Understanding the relationship between congruency modulo N, the ability to group numbers with a particular module, and the application of the if-then statement in proving congruency of two different numbers modulo N.

## Key Insights

• 🙅 Modular arithmetic involves understanding congruency between numbers modulo N and utilizing multiples.
• ❓ The proof technique discussed in the content follows an if-then statement structure.
• 👻 The clever trick of inserting a connecting piece simplifies the calculation and allows for the extraction of common factors.
• ❓ This proof technique is elegant and can be applied in various mathematical proofs.
• 🙅 Understanding the concept of congruency modulo N is crucial in modular arithmetic.
• 🧑‍🏭 The ability to manipulate equations and extract common factors is a valuable skill in mathematical proofs.
• ❓ The if-then statement structure is commonly used in mathematical reasoning.

## Transcript

what's going on this problem we're going to prove that if you have a congruent to B modulo N and C you can grew with the D module and then AC is congruent to BD module and it's kind of cool it's kind of if-then statement okay so typically in these types of problems you start by assuming this right and then you just have to show this is true so we'l... Read More

### Q: What is the main objective of the proof technique discussed in the content?

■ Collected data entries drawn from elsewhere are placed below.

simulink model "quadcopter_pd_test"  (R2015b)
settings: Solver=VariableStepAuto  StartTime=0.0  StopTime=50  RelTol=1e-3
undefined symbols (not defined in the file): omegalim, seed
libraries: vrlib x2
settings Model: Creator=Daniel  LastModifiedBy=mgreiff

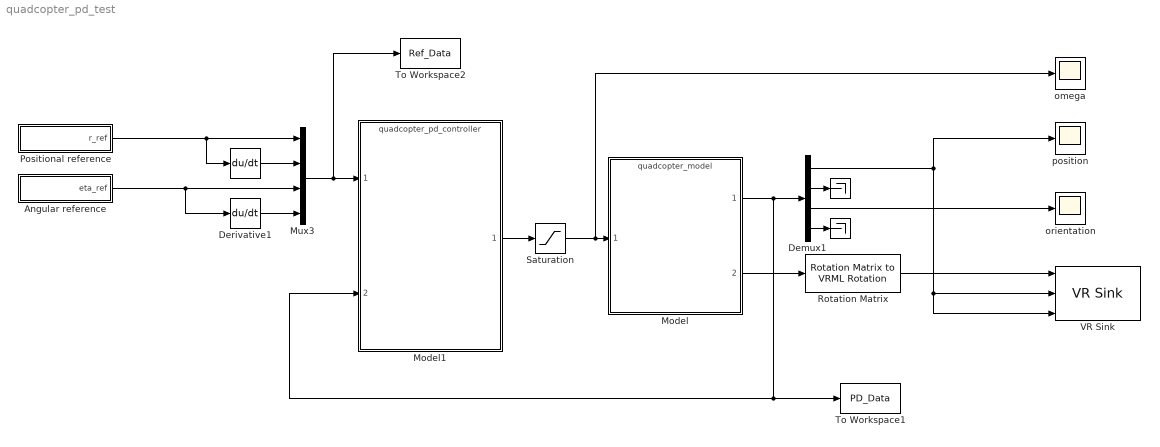
== system quadcopter_pd_test ==
  "  " : Terminator
  "   " : Terminator
  "        " : Derivative
  Angular reference : Subsystem
  Demux1 : Demux  Outputs=[3,3,3,3]
  Derivative1 : Derivative
  Model : ModelReference  ModelNameDialog=quadcopter_model.mdl  SimulationMode=Normal  ModelReferenceVersion=1.117  CopyOfModelName=quadcopter_model.mdl
  Model1 : ModelReference  ModelNameDialog=quadcopter_pd_controller.mdl  SimulationMode=Normal  ModelReferenceVersion=1.67  CopyOfModelName=quadcopter_pd_controller.mdl
  Mux3 : Mux  Inputs=[3,3,3,3]
  Positional reference : Subsystem
  Rotation Matrix : vrlib/Utilities/Rotation Matrix to VRML Rotation  maxzero=1e-12
  Saturation : Saturate  UpperLimit=omegalim(2)  LowerLimit=omegalim(1)
  To Workspace1 : ToWorkspace  VariableName=PD_Data  SaveFormat=Timeseries  SampleTime=-1
  To Workspace2 : ToWorkspace  VariableName=Ref_Data  SaveFormat=Timeseries  SampleTime=-1
  VR Sink : vrlib/VR Sink  InstantiateOnLoad=on  SampleTime=0.1  ViewEnable=on  RemoteChange=off  RemoteView=off  FieldsWritten=copter.rotation.4.1.1.double#copter.translation.3.1.1.double#vp.translation.3.1.1.double  WorldFileName=copter_world.wrl  WorldDescription=quadcopter_world  AutoView=on  VideoDimensions=[]  AllowVariableSize=off
  "omega " : Scope
  orientation : Scope
  position : Scope
  wires:
  Rotation Matrix/1 -> VR Sink/1
  Model1/1 -> Saturation/1
  Saturation/1 -> Model/1, "omega "/1
  Model/2 -> Rotation Matrix/1
  Demux1/2 -> "  "/1
  Demux1/4 -> "   "/1
  Demux1/1 -> VR Sink/3, VR Sink/2, position/1
  Demux1/3 -> orientation/1
  Angular reference/1(eta_ref) -> Derivative1/1, Mux3/3
  Positional reference/1(r_ref) -> Mux3/1, "        "/1
  "        "/1 -> Mux3/2
  Derivative1/1 -> Mux3/4
  Model/1 -> To Workspace1/1, Model1/2, Demux1/1
  Mux3/1 -> To Workspace2/1, Model1/1

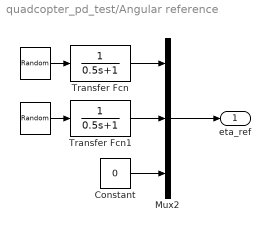
== system quadcopter_pd_test/Angular reference ==
  " " : UniformRandomNumber  Minimum=-0.2  Maximum=0.2  Seed=4+seed  SampleTime=10
  "   " : UniformRandomNumber  Minimum=-0.2  Maximum=0.2  Seed=3+seed  SampleTime=10
  Constant : Constant  Value=0
  Mux2 : Mux  Inputs=3
  Transfer Fcn : TransferFcn  Denominator=[0.5 1]
  Transfer Fcn1 : TransferFcn  Denominator=[0.5 1]
  eta_ref : Outport
  wires:
  Mux2/1 -> eta_ref/1
  "   "/1 -> Transfer Fcn/1
  " "/1 -> Transfer Fcn1/1
  Transfer Fcn/1 -> Mux2/1
  Transfer Fcn1/1 -> Mux2/2
  Constant/1 -> Mux2/3

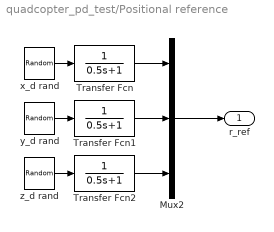
== system quadcopter_pd_test/Positional reference ==
  Mux2 : Mux  Inputs=3
  Transfer Fcn : TransferFcn  Denominator=[0.5 1]
  Transfer Fcn1 : TransferFcn  Denominator=[0.5 1]
  Transfer Fcn2 : TransferFcn  Denominator=[0.5 1]
  x_d rand : UniformRandomNumber  Minimum=-30  Maximum=30  Seed=0+seed  SampleTime=10
  y_d rand : UniformRandomNumber  Minimum=-30  Maximum=30  Seed=1+seed  SampleTime=10
  z_d rand : UniformRandomNumber  Minimum=0  Maximum=15  Seed=2+seed  SampleTime=10
  r_ref : Outport
  wires:
  Mux2/1 -> r_ref/1
  x_d rand/1 -> Transfer Fcn/1
  y_d rand/1 -> Transfer Fcn1/1
  z_d rand/1 -> Transfer Fcn2/1
  Transfer Fcn/1 -> Mux2/1
  Transfer Fcn1/1 -> Mux2/2
  Transfer Fcn2/1 -> Mux2/3

The main objective is to prove that if two conditions of congruency modulo N are true, then the congruency of two different numbers modulo N is also true.

### Q: How does the proof technique begin?

The proof begins by assuming congruency between the numbers modulo N and breaking it down into separate equations that represent the concept of congruency.

### Q: What is the purpose of inserting a connecting piece and rearranging the equation?

The purpose is to simplify the calculation by introducing the connecting piece and rearranging the equation in a way that allows for the extraction of common factors.

### Q: How is the congruency of two different numbers modulo N proven?

By applying the clever trick of inserting the connecting piece, the proof demonstrates that the resulting equation is a multiple of N, proving the congruency of the two numbers modulo N.

## Summary & Key Takeaways

• The content discusses a proof technique in modular arithmetic involving congruency and multiples.

• It explains the process of assuming congruency between two numbers modulo N, and breaking it down into multiple steps.

• The proof utilizes a clever trick of inserting a connecting piece to simplify the calculation and demonstrate congruency.